Make it too complicated?  Never

Below decks electronics:

So, the receiver is based on an Arduino Nano as well.  Mainly because I had one.
Added the matching wireless receiver module and then set about designing some PCBs to sit inside the hull of the ship.

Rather than buy madly expensive batteries, I decided to 3d print some shoes that take my Dewalt 18v, 5Ah tool batteries.  I have loads of them and they should provide plenty of power.
The first board was the main Radio room PCB and consists of:
  1. Arduino Nano
  2. 3x 2 channel H-Bridge modules (Anchor winch, Bowthruster, Tow winch 1, Tow winch 2, Crane winch,  and Crane rotate)
  3. 1x TDA7266 Amplifier
  4. Mounting for the Wav trigger sound effects board
  5. 3.3v Regulator + NRF24L01+ Receiver
  6. 5v Regulator for the Processor
  7. 6v Regulator for the Servos
  8. 15v Regulator for the Amplifer
  9. 12x TIP122 Transistors for various switching work (E.G. lights)
  10. 1x Custom PWM controller PCB (see later on)
  11. 1x MCP23017 multiplexer for sensor inputs
Next PCB was the pump room:

  1. Space for the Bilge pump
  2. Regulator for the smoke module
  3. Regulator for the Bilge pump
  4. Sensor connections for the smoke sensor
  5. Sensor for the bilge pump
Engine room next:
  1. 2x 43A H=Bridges for the main motors
  2. Breakouts for the rudder servo etc
  3. Sensor for the bilge pump
Final PCB for below deck is the overhead gantry PCB:
  1. Main battery connections
  2. Isolator switch connection
  3. 5x Volt digital voltmeters (Main batteries, 15v, 6v, 5v and 3.3v)
All the PCBs have LEDs along the edges for below decks illumination.  There are also LEDs underneath the volt meter gantry.

Bridge displays:
This little PCB just controls the bridge.
It randomly flickers various 3mm LEDs behind the console (3d printed) and this light is 'piped' to the console through some fibre optic cable strands.

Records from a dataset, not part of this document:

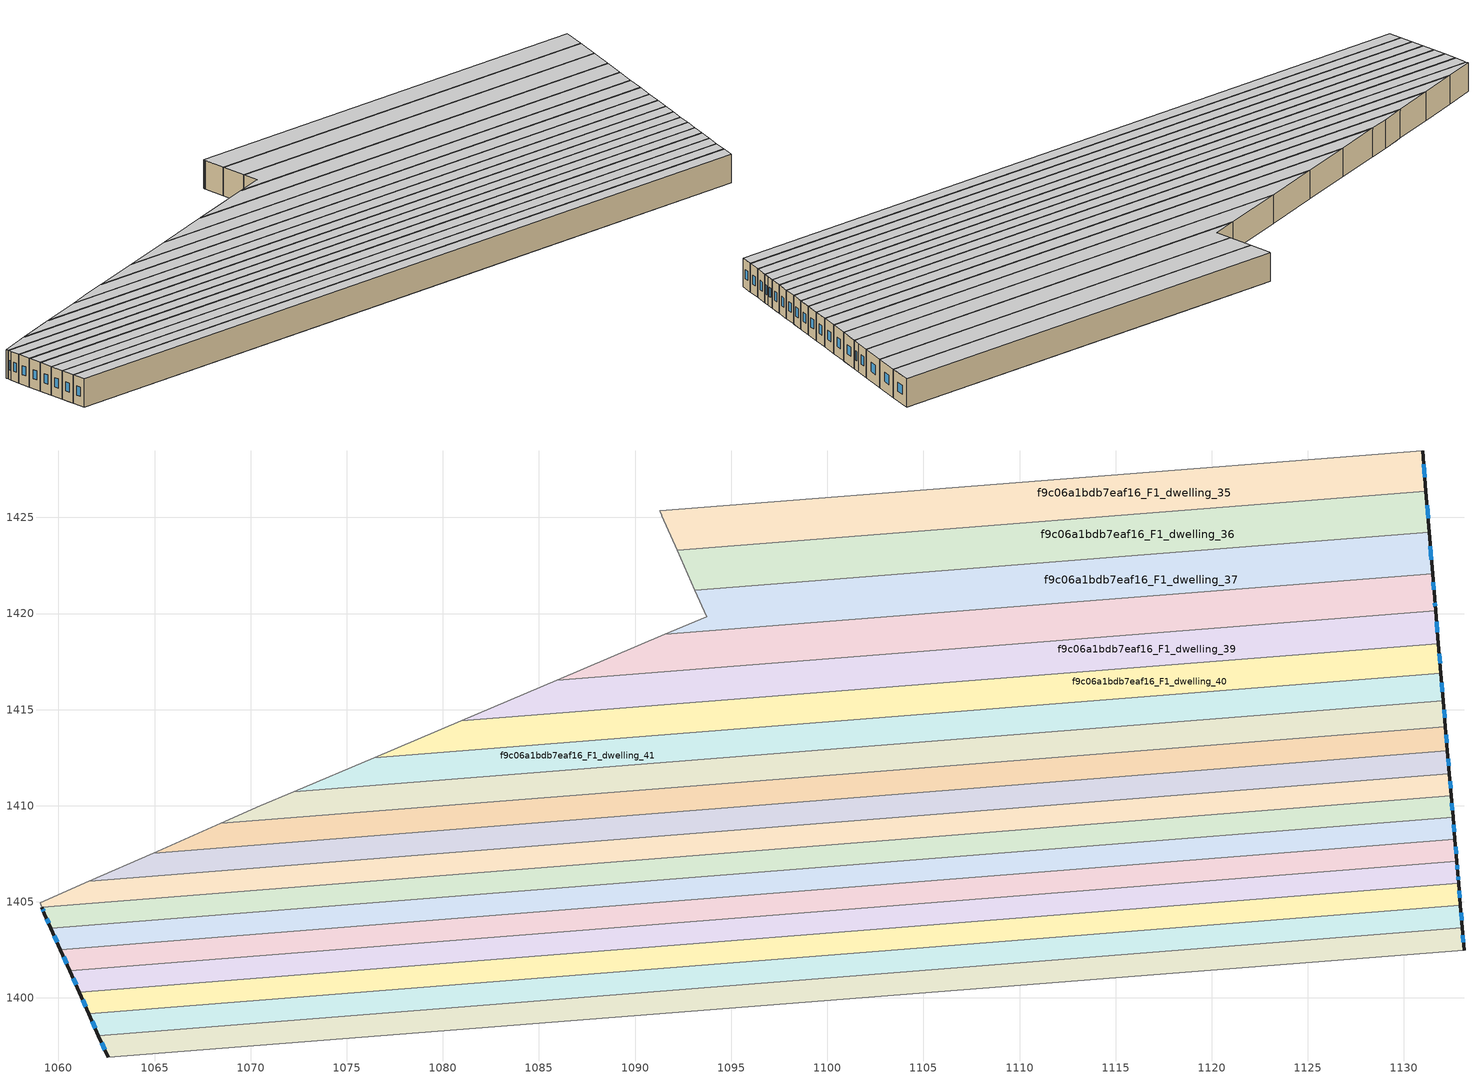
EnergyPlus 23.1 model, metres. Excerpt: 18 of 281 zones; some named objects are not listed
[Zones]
f9c06a1bdb7eaf16_F1_dwelling_35
 floor to f9c06a1bdb7eaf16_F0_dwelling_55 (EU_floor_Construction): 1130.97,1428.47 1131.13,1426.49 1100.98,1424.11 1100.83,1426.09 z3
 floor to f9c06a1bdb7eaf16_F0_dwelling_15 (EU_floor_Construction): 1100.83,1426.09 1100.99,1423.99 1092.19,1423.29 1091.4,1425.09 1091.39,1425.12 1091.31,1425.29 1091.29,1425.34 z3
 floor adiabatic (EU_floor_Construction): 1131.13,1426.49 1131.14,1426.37 1100.99,1423.99 1100.98,1424.11 z3
 wall outside (EU_wall_Construction): 1131.14,1426.38 1130.97,1428.47 z3:6
 wall adiabatic (EU_wall_Construction): 1091.29,1425.34 1091.31,1425.29 1091.39,1425.12 1091.4,1425.09 1092.19,1423.29 z3:6
 wall to f9c06a1bdb7eaf16_F1_dwelling_34 (EU_wall_Construction): 1130.97,1428.47 1091.29,1425.34 z3:6
 wall to f9c06a1bdb7eaf16_F1_dwelling_36 (EU_wall_Construction): 1092.19,1423.29 1131.14,1426.38 z3:6
 window (EU_Window_Construction): 1131.09,1427.09 1131.03,1427.76 z4.02:4.98
 ceiling to f9c06a1bdb7eaf16_F2_dwelling_35 (EU_floor_Construction): 1131.14,1426.38 1130.97,1428.47 1091.29,1425.34 1091.31,1425.29 1091.39,1425.12 1091.4,1425.09 1092.19,1423.29 z6
f9c06a1bdb7eaf16_F1_dwelling_36
 floor adiabatic (EU_floor_Construction): 1131.14,1426.37 1131.32,1424.24 1101.16,1421.85 1100.99,1423.99 z3; 1100.99,1423.99 1101.16,1421.85 1093.11,1421.21 1092.19,1423.29 z3
 wall outside (EU_wall_Construction): 1131.32,1424.24 1131.14,1426.38 z3:6
 wall to f9c06a1bdb7eaf16_F1_dwelling_37 (EU_wall_Construction): 1093.11,1421.21 1131.32,1424.24 z3:6
 wall adiabatic (EU_wall_Construction): 1092.19,1423.29 1093.11,1421.21 z3:6
 window (EU_Window_Construction): 1131.26,1424.96 1131.2,1425.65 z4.02:4.98
 ceiling to f9c06a1bdb7eaf16_F2_dwelling_36 (EU_floor_Construction): 1131.32,1424.24 1131.14,1426.38 1092.19,1423.29 1093.11,1421.21 z6
f9c06a1bdb7eaf16_F1_dwelling_37
 floor to f9c06a1bdb7eaf16_F0_dwelling_57 (EU_floor_Construction): 1131.35,1423.83 1131.49,1422.08 1101.33,1419.69 1101.19,1421.45 z3
 floor adiabatic (EU_floor_Construction): 1131.32,1424.24 1131.35,1423.83 1101.19,1421.45 1101.16,1421.85 z3; 1101.16,1421.85 1101.33,1419.69 1091.55,1418.92 1093.72,1419.84 1093.11,1421.21 z3
 wall outside (EU_wall_Construction): 1131.49,1422.08 1131.32,1424.24 z3:6
 wall to f9c06a1bdb7eaf16_F1_dwelling_38 (EU_wall_Construction): 1091.55,1418.92 1131.49,1422.08 z3:6
 wall adiabatic (EU_wall_Construction): 1093.11,1421.21 1093.72,1419.84 1091.55,1418.92 z3:6
 window (EU_Window_Construction): 1131.43,1422.81 1131.38,1423.5 z4.02:4.98
 ceiling to f9c06a1bdb7eaf16_F2_dwelling_37 (EU_floor_Construction): 1131.49,1422.08 1131.32,1424.24 1093.11,1421.21 1093.72,1419.84 1091.55,1418.92 z6
f9c06a1bdb7eaf16_F1_dwelling_38
 floor to f9c06a1bdb7eaf16_F0_dwelling_58 (EU_floor_Construction): 1131.57,1421.17 1131.65,1420.15 1101.49,1417.76 1101.41,1418.78 z3
 floor to f9c06a1bdb7eaf16_F0_dwelling_57 (EU_floor_Construction): 1131.49,1422.08 1131.57,1421.17 1101.41,1418.78 1101.33,1419.69 z3
 floor to f9c06a1bdb7eaf16_F0_dwelling_16 (EU_floor_Construction): 1101.35,1419.45 1101.49,1417.76 1085.93,1416.53 1090.85,1418.62 z3
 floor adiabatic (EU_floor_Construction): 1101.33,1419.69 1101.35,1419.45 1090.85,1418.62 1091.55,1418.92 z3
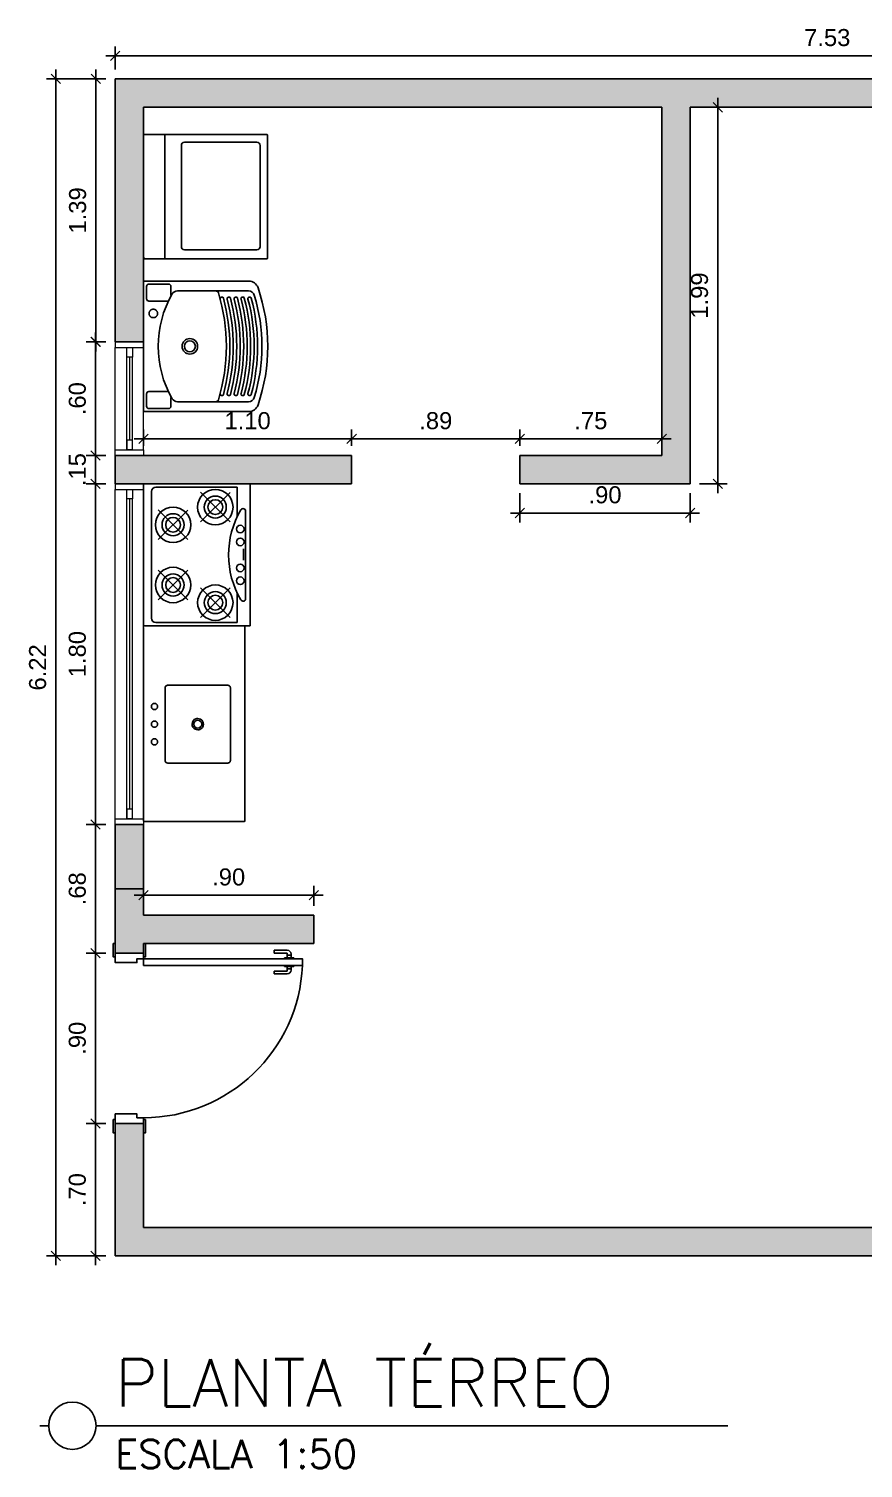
# Model space of a CAD drawing. Header units: millimetres. Extents: x 778.5 to 797.5, y 737.4 to 745.
# Drawn here: x 778.51 to 782.92, y 737.43 to 745.03 of the extents above; entities that cross this region are included whole.
import ezdxf

# ---------------------------------------------------------------- set-up
doc = ezdxf.new("R2010")
doc.units = ezdxf.units.MM
doc.linetypes.add('DASHED', pattern=[15, 12, -3])
doc.linetypes.add('DASHSPACE', pattern=[30, 12, -18])
for name, color, linetype in [('ALVENARIA', 4, 'Continuous'), ('COTAS', 7, 'Continuous'), ('HACHURA', 253, 'Continuous'), ('MOBILIARIOS', 8, 'Continuous'), ('SIMBOLOS', 7, 'Continuous'), ('TEXTOS', 2, 'Continuous')]:
    doc.layers.add(name, color=color, linetype=linetype)
doc.layers.add('Arq-Caixilho', color=1, linetype='Continuous', lineweight=13)
doc.layers.add('Arq-Parede Baixa Osso', color=2, linetype='Continuous', lineweight=20)
doc.styles.add('1.50', font='simplex.shx', dxfattribs={"height": 0.06})
doc.styles.get("Standard").update_dxf_attribs({"font": 'arial.ttf'})
pattern_1 = [(0, (0, 0), (0, 6.985), [5.08, -1.905]), (90, (0, 0), (-6.985, 4e-16), [5.08, -1.905])]

# ---------------------------------------------------------------- blocks, each defined once
blk = doc.blocks.new('macaneta')
for p, q in [((-0.0425, -0.06), (-0.0225, -0.06)), ((-0.0361, -0.06), (-0.0361, -0.08)), ((-0.0175, -0.045), (-0.0225, -0.045)), ((-0.0225, -0.095), (-0.0225, -0.045)), ((0.0225, -0.045), (0.0175, -0.045)), ((0.0225, -0.095), (0.0225, -0.045)), ((0.0225, -0.06), (0.0425, -0.06)), ((0.0361, -0.06), (0.0361, -0.08)), ((-0.0625, -0.15), (-0.0625, -0.08)), ((-0.0625, -0.15), (-0.0475, -0.15)), ((-0.0475, -0.15), (-0.0475, -0.08)), ((-0.0475, -0.08), (-0.0225, -0.08)), ((-0.0175, -0.095), (-0.0225, -0.095)), ((0.0225, -0.095), (0.0175, -0.095)), ((0.0225, -0.08), (0.0475, -0.08)), ((0.0475, -0.15), (0.0475, -0.08)), ((0.0475, -0.15), (0.0625, -0.15)), ((0.0625, -0.15), (0.0625, -0.08))]:
    blk.add_line(p, q)
for centre, start, end in [((-0.0425, -0.08), 90, 180), ((0.0425, -0.08), 0, 90)]:
    blk.add_arc(centre, 0.02, start, end)
blk = doc.blocks.new('_Oblique')
at = {"color": 0, "linetype": 'ByBlock', "lineweight": -2}
blk.add_line((-0.5, -0.5), (0.5, 0.5), dxfattribs=at)

msp = doc.modelspace()

# ---------------------------------------------------------------- hatches: boundary and pattern name
at = {"layer": 'HACHURA'}
h = msp.add_hatch(color=256, dxfattribs=at)
h.dxf.hatch_style = 1
h.paths.add_polyline_path([(786.4966, 744.7682), (778.9666, 744.7682), (778.9666, 743.3782), (779.1166, 743.3782), (779.1166, 744.6182), (781.8566, 744.6182), (781.8566, 742.7782), (781.1066, 742.7782), (781.1066, 742.6282), (782.0066, 742.6282), (782.0066, 744.6182), (786.3466, 744.6182), (786.3466, 743.6982, -0.424475), (785.4252, 742.7682), (785.2752, 742.7682), (785.2766, 742.6182), (785.4266, 742.6182, 0.424475), (786.4966, 743.657)])
h = msp.add_hatch(dxfattribs=at)
h.set_pattern_fill('ANGLE', color=256)
h.set_pattern_definition(pattern_1)
h.paths.add_polyline_path([(780.2166, 742.7782), (780.0666, 742.7782), (778.9666, 742.7782), (778.9666, 742.6282), (780.0666, 742.6282), (780.2166, 742.6282)])
h.paths.add_polyline_path([(797.4903, 738.6982), (794.4219, 738.6982), (794.4219, 738.5482), (797.4903, 738.5482)])
h.paths.add_polyline_path([(794.4219, 738.6982), (790.1103, 738.6982), (790.1103, 739.2482), (789.9603, 739.2482), (789.9603, 738.5482), (794.4219, 738.5482)])
h.paths.add_polyline_path([(790.1103, 742.6282), (791.0603, 742.6282), (791.9603, 742.6282), (792.8603, 742.6282), (793.0103, 742.6282), (793.0103, 742.8282), (792.8603, 742.8282), (792.8603, 742.8188), (792.8603, 742.7688), (792.8503, 742.7688), (792.1103, 742.7782), (791.2103, 742.7782), (791.0603, 742.7782), (789.9603, 742.7782), (789.9603, 740.4882), (790.1103, 740.4882), (790.1103, 741.7282)])
h.paths.add_polyline_path([(786.4966, 738.6982), (779.1166, 738.6982), (779.1166, 739.2482), (778.9666, 739.2482), (778.9666, 738.5482), (786.4966, 738.5482)])
h = msp.add_hatch(dxfattribs=at)
h.set_pattern_fill('ANGLE', color=256)
h.set_pattern_definition(pattern_1)
h.paths.add_polyline_path([(780.2166, 742.7782), (780.0666, 742.7782), (778.9666, 742.7782), (778.9666, 742.6282), (780.0666, 742.6282), (780.2166, 742.6282)])
h.paths.add_polyline_path([(786.4966, 738.6982), (779.1166, 738.6982), (779.1166, 739.2482), (778.9666, 739.2482), (778.9666, 738.5482), (786.4966, 738.5482)])
h.paths.add_polyline_path([(790.1103, 742.6282), (791.0603, 742.6282), (791.9603, 742.6282), (792.8603, 742.6282), (793.0103, 742.6282), (793.0103, 742.8282), (792.8603, 742.8282), (792.8603, 742.7688), (792.8503, 742.7688), (792.1103, 742.7782), (791.2103, 742.7782), (791.0603, 742.7782), (789.9603, 742.7782), (789.9603, 740.4882), (790.1103, 740.4882), (790.1103, 740.8282)])
h.paths.add_polyline_path([(794.4219, 738.6982), (790.1103, 738.6982), (790.1103, 739.2482), (789.9603, 739.2482), (789.9603, 738.5482), (794.4219, 738.5482)])
h.paths.add_polyline_path([(797.4903, 738.6982), (794.4219, 738.6982), (794.4219, 738.5482), (797.4903, 738.5482)])
h = msp.add_hatch(dxfattribs=at)
h.set_pattern_fill('ANGLE', color=256)
h.set_pattern_definition(pattern_1)
h.paths.add_polyline_path([(786.4966, 738.6982), (779.1166, 738.6982), (779.1166, 739.2482), (778.9666, 739.2482), (778.9666, 738.5482), (786.4966, 738.5482)])
h.paths.add_polyline_path([(797.4903, 738.6982), (790.1103, 738.6982), (790.1103, 739.2482), (789.9603, 739.2482), (789.9603, 738.5482), (797.4903, 738.5482)])
h.paths.add_polyline_path([(790.1103, 741.7282), (790.1103, 742.6282), (791.0603, 742.6282), (791.9603, 742.6282), (792.8603, 742.6282), (793.0103, 742.6282), (793.0103, 742.8282), (792.8603, 742.8282), (792.8603, 742.7688), (792.8503, 742.7688), (792.1103, 742.7782), (791.2103, 742.7782), (791.0603, 742.7782), (789.9603, 742.7782), (789.9603, 740.4882), (790.1103, 740.4882), (790.1103, 740.8282)])
h = msp.add_hatch(dxfattribs=at)
h.set_pattern_fill('ANGLE', color=256)
h.set_pattern_definition(pattern_1)
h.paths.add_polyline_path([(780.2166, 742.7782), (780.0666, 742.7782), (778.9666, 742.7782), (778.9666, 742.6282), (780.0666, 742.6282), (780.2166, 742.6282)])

There are also some 0.91" OLED screens dotted about with various graphics of radars, maps, charts etc.
These simply step through preset graphics.

There is a small AtTiny processor and an I2C switch.
The switch is so that the processor can address multiple screens on the I2C bus, when they all have the same (non configurable)  I2C address.

There is also an output for the crane beacon.
The PCB receives a signal from the radio room PCB when the crane power is on.
This sequences 4x 0603 LEDs one after the other rapidly.

These Amber LEDs are assembled to look like a rotating beacon for the crane.

Bridge Navigation Lighting decoder:


At the very top of the superstructure, there is a small compartment that houses some 5v LED strips for the bridge lighting.

There are also connections for the aft facing floodlights and all of the main mast Navigation lights.

Also, a buck regulator is mounted with several of it's components removed (to lower it's profile).  This is used to regulate the voltage to the radar motors.

The whole roof is held in place with magnets.

Superstructure connections:

Underneath the superstructure is the main connection point for all these other slave wiring areas.

This houses an Arduino Pro Mini (again, because I had one).

The Pro Mini has only one job.  Switch the Navigation lighting.
It connects to the radio room main processor over I2C and basically just receives a lighting command.

There is a row of transistors to switch the lights, as they are 6v Bulbs (not LEDs).

Also there is a whole load of wiring for deck floodlights and the superstructure internal 5v lighting strips.

Sensors and limit switches

Limit switches did actually prove difficult.

The anchor mechanism (on the right) was 3d printed with a pair of Microswitches in place.
A small ball on the anchor chain operates these microswitches when the winches are fully wound in.

The anchor out sensors are mounted on the deck (microswitches with pronged arms where the chain goes between them).

There is a Peto tube on the bow that feeds a waterproof pressure sensor.  This is for deducing the ships speed.

The crane has 2x Hall effect sensors on the base to detect the rotational limits (so the crane does not hit the superstructure).

The crane boom is a servo, so that was easy to limit in the coding.

The crane winch currently does not have any limit switches.  I need to address that.

The Towing winches have a huge amount of 'rope' on them.
So there is only a winding in limit switch.

Above the radio room PCB there is a digital compass module.  This gives heading/direction data to the processor, which is in turn fed back to the transmitters compass graphic.